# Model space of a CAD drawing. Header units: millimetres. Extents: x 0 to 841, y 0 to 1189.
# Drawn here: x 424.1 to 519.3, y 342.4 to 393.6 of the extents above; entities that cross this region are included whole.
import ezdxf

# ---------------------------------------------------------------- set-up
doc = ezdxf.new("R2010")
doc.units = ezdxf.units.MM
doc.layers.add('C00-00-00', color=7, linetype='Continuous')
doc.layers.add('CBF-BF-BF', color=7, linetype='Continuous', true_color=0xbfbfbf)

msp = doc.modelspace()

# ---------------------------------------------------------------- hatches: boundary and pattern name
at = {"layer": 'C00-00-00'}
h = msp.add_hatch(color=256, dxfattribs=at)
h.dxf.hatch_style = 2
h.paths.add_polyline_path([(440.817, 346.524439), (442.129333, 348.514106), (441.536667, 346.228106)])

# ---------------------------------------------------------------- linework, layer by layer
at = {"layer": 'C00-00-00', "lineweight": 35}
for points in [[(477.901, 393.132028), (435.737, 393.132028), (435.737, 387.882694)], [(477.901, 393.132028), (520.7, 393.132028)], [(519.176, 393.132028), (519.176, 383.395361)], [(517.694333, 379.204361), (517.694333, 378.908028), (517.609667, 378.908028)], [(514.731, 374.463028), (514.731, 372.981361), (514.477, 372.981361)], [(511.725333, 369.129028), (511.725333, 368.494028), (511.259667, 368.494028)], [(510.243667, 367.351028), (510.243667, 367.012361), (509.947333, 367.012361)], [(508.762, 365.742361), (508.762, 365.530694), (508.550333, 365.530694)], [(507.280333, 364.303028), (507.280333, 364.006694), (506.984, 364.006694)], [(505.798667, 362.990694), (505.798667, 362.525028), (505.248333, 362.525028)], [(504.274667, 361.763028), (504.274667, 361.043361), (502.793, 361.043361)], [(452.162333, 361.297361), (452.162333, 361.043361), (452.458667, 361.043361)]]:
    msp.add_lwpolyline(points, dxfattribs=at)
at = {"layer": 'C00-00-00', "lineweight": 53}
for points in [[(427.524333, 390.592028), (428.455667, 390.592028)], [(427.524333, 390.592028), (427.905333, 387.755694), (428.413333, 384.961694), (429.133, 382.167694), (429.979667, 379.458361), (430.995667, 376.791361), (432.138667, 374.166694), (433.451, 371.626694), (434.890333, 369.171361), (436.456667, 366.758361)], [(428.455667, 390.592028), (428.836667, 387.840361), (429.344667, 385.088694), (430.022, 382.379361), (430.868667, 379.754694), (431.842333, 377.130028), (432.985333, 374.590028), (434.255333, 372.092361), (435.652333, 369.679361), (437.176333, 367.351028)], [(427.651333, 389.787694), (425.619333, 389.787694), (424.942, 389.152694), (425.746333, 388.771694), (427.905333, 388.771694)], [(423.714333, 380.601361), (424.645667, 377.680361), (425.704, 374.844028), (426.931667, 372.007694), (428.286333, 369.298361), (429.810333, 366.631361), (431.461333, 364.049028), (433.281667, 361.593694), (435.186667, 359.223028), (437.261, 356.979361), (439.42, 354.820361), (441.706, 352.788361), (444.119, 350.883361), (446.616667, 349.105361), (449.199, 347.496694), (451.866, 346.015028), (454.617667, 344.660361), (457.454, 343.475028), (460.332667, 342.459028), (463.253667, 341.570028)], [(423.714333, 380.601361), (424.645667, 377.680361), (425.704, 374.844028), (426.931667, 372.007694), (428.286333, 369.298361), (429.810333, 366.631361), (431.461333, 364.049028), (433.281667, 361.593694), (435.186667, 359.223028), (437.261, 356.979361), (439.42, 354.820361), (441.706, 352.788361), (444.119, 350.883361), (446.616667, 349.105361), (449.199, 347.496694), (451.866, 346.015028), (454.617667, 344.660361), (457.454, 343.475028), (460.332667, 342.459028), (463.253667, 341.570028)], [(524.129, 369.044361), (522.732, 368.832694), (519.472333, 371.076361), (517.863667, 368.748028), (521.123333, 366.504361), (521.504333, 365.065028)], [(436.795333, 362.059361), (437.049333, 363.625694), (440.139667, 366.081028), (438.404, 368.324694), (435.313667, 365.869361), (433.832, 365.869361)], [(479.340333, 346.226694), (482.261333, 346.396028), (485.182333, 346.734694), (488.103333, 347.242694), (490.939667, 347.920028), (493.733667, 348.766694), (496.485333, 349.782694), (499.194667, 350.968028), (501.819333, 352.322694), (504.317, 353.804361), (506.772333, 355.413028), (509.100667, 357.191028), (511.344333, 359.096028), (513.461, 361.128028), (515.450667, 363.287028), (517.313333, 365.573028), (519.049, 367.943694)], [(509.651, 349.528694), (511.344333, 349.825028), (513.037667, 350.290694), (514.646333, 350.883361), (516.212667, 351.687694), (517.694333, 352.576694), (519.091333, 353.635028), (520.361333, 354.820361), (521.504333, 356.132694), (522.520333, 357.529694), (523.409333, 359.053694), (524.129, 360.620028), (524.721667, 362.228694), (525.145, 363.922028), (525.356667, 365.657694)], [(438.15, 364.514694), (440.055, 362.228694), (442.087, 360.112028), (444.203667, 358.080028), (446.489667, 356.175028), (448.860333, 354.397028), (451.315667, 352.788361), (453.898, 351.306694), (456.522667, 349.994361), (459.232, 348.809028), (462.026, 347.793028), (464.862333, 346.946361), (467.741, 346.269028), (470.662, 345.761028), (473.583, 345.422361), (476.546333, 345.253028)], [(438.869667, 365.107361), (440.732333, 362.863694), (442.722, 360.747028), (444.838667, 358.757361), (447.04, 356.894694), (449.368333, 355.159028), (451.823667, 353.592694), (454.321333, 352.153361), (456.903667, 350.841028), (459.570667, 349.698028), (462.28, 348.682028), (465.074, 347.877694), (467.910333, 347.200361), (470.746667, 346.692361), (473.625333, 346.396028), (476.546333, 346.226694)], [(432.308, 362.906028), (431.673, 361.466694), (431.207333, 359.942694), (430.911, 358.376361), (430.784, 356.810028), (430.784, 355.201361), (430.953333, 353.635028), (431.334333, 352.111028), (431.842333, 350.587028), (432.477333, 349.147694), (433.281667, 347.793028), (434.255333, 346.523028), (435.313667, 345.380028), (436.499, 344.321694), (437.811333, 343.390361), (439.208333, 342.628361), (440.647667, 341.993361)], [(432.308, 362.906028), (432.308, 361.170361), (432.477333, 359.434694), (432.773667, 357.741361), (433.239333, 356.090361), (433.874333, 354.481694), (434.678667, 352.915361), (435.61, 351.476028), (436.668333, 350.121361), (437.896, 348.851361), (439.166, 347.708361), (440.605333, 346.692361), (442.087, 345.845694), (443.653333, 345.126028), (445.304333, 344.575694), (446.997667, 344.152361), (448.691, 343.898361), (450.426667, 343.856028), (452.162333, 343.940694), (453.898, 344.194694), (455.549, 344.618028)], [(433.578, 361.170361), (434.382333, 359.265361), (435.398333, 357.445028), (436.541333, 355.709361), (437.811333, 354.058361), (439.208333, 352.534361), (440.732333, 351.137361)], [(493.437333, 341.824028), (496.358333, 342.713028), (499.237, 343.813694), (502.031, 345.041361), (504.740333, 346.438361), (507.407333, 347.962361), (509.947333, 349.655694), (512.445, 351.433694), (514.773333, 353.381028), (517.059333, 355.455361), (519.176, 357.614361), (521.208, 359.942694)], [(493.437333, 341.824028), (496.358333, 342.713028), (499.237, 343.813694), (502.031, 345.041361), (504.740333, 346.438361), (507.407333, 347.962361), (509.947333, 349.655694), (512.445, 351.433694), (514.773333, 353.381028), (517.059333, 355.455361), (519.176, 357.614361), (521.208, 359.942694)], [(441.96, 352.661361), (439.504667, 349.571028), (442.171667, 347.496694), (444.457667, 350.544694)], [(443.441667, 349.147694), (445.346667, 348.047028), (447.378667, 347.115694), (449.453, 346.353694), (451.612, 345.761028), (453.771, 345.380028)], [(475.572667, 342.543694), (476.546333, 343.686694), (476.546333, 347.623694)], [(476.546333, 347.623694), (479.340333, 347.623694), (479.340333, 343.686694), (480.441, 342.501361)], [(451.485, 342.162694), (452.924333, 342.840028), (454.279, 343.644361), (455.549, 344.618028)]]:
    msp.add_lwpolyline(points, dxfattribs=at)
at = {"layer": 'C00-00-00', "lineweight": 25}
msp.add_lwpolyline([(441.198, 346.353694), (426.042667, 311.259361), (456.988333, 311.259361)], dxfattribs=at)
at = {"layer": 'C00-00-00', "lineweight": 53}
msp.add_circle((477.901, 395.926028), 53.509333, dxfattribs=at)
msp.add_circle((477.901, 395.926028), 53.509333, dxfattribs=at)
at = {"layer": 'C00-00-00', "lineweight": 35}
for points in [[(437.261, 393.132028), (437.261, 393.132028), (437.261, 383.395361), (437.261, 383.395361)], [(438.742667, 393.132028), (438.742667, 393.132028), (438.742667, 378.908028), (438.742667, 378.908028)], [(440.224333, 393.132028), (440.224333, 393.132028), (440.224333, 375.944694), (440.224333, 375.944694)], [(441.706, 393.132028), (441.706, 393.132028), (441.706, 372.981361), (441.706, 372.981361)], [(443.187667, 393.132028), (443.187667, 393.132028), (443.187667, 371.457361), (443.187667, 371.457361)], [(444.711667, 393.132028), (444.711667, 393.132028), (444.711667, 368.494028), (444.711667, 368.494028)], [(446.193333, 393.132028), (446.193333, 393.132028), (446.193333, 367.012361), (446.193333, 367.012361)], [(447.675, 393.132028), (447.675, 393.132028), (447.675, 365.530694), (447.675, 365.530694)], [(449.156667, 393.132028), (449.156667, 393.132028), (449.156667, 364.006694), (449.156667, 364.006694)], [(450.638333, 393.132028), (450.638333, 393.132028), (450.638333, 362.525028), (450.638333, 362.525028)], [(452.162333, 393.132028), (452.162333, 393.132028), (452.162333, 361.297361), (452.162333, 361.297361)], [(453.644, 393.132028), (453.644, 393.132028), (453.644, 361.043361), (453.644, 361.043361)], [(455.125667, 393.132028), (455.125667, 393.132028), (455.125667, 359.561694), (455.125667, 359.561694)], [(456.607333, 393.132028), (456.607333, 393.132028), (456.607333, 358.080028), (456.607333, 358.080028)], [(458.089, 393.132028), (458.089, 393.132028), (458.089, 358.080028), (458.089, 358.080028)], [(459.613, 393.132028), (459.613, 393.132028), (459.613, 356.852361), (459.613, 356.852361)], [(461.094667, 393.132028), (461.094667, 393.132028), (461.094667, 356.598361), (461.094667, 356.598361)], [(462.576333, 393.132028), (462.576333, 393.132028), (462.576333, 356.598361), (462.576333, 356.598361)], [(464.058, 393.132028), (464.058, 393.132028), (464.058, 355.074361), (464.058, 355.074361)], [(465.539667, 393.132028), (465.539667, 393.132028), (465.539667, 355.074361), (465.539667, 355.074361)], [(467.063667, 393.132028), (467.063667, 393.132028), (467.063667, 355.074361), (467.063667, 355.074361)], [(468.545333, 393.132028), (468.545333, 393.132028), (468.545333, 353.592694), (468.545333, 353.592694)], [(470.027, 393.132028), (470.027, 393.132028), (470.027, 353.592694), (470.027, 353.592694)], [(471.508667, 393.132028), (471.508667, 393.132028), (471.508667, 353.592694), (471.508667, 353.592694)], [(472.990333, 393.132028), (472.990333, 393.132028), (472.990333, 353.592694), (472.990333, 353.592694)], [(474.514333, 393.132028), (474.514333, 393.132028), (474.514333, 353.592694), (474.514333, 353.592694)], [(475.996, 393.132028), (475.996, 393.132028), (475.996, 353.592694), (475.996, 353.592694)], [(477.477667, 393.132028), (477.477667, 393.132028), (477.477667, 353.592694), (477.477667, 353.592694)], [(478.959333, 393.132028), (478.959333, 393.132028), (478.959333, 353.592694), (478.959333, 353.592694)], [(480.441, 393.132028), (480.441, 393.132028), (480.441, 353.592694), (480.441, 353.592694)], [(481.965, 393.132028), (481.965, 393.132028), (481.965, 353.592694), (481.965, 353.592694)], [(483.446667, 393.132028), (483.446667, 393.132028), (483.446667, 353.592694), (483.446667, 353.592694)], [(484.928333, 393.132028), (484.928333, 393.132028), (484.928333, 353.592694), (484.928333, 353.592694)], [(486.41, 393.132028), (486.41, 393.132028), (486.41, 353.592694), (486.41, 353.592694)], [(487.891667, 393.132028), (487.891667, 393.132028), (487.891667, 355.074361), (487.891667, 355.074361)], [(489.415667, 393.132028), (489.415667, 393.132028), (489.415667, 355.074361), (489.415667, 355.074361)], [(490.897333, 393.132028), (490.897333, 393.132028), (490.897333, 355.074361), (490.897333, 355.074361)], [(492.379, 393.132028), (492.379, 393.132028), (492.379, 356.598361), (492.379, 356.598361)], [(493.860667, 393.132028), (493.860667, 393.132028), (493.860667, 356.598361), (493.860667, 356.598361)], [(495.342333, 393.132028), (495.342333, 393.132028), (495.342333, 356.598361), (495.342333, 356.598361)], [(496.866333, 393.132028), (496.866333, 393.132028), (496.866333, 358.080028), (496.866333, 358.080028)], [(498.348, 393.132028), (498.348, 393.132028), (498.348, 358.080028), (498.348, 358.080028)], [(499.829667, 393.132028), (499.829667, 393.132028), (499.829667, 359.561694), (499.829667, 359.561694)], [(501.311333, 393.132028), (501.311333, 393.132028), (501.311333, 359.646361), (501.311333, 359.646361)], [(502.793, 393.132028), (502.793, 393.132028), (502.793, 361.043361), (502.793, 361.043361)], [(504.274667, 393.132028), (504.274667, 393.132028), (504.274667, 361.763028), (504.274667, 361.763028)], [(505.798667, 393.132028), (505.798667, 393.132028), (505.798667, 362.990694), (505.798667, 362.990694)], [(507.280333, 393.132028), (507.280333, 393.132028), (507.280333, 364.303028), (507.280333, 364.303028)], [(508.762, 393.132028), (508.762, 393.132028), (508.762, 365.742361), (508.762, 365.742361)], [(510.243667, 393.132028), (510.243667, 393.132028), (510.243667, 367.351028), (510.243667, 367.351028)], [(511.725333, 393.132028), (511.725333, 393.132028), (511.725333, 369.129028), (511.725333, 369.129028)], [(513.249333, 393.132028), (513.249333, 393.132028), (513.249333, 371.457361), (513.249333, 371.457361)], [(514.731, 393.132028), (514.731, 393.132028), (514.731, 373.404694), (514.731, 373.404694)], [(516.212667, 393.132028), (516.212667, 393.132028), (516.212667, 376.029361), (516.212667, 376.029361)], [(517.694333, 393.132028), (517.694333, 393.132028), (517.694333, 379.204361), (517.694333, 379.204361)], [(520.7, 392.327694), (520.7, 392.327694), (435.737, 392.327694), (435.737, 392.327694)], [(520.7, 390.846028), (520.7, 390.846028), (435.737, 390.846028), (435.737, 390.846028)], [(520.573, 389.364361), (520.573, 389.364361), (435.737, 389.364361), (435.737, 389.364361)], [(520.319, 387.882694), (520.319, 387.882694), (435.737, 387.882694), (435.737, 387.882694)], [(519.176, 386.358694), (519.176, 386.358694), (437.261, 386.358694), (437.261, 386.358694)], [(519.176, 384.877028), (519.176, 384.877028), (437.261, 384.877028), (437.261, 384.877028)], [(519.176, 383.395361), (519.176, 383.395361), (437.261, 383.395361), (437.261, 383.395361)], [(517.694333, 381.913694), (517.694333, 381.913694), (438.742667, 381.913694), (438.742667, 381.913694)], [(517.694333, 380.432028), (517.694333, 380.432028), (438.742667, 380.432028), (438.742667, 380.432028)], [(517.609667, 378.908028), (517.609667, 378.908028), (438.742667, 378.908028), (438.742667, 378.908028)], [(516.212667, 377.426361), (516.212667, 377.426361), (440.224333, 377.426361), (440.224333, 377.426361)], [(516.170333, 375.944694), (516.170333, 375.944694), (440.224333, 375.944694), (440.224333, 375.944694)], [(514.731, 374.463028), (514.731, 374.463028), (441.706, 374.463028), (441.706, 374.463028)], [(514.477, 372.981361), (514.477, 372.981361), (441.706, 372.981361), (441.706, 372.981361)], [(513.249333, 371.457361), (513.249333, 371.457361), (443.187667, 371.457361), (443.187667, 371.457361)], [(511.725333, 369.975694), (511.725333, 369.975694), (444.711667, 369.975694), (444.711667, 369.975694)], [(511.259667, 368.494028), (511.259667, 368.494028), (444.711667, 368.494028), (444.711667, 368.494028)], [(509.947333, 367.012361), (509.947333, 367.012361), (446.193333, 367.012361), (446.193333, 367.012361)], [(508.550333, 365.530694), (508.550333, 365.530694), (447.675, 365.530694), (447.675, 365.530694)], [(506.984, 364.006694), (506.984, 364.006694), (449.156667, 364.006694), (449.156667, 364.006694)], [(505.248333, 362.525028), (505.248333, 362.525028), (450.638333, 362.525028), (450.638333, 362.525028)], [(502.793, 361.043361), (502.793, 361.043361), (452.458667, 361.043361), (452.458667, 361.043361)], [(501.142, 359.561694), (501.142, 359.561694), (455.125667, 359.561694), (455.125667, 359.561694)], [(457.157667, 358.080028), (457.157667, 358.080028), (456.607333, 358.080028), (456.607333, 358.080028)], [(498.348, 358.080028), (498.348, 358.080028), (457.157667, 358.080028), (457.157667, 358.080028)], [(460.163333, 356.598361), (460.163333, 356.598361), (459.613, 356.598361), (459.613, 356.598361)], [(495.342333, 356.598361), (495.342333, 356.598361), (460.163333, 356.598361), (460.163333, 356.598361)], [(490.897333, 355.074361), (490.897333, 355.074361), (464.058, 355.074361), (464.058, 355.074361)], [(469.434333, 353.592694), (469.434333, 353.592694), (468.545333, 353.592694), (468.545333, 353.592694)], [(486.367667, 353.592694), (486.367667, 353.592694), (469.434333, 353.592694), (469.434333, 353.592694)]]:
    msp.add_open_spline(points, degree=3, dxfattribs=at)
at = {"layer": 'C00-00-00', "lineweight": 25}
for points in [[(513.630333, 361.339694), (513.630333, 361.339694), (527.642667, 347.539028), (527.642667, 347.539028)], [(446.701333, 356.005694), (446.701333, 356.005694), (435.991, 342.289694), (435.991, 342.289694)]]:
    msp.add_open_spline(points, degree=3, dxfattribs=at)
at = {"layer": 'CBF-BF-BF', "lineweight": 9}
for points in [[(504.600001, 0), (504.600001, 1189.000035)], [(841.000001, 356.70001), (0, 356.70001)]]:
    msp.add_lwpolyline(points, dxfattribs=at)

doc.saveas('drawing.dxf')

Prompt:
Reproduce only the lines above, starting at the line with "doc.units = ezdxf.units.MM" and ending at the line with "msp = doc.modelspace()", exactly as written.

Solution to the exercise:
doc.units = ezdxf.units.MM
doc.layers.add('C00-00-00', color=7, linetype='Continuous')
doc.layers.add('CBF-BF-BF', color=7, linetype='Continuous', true_color=0xbfbfbf)

msp = doc.modelspace()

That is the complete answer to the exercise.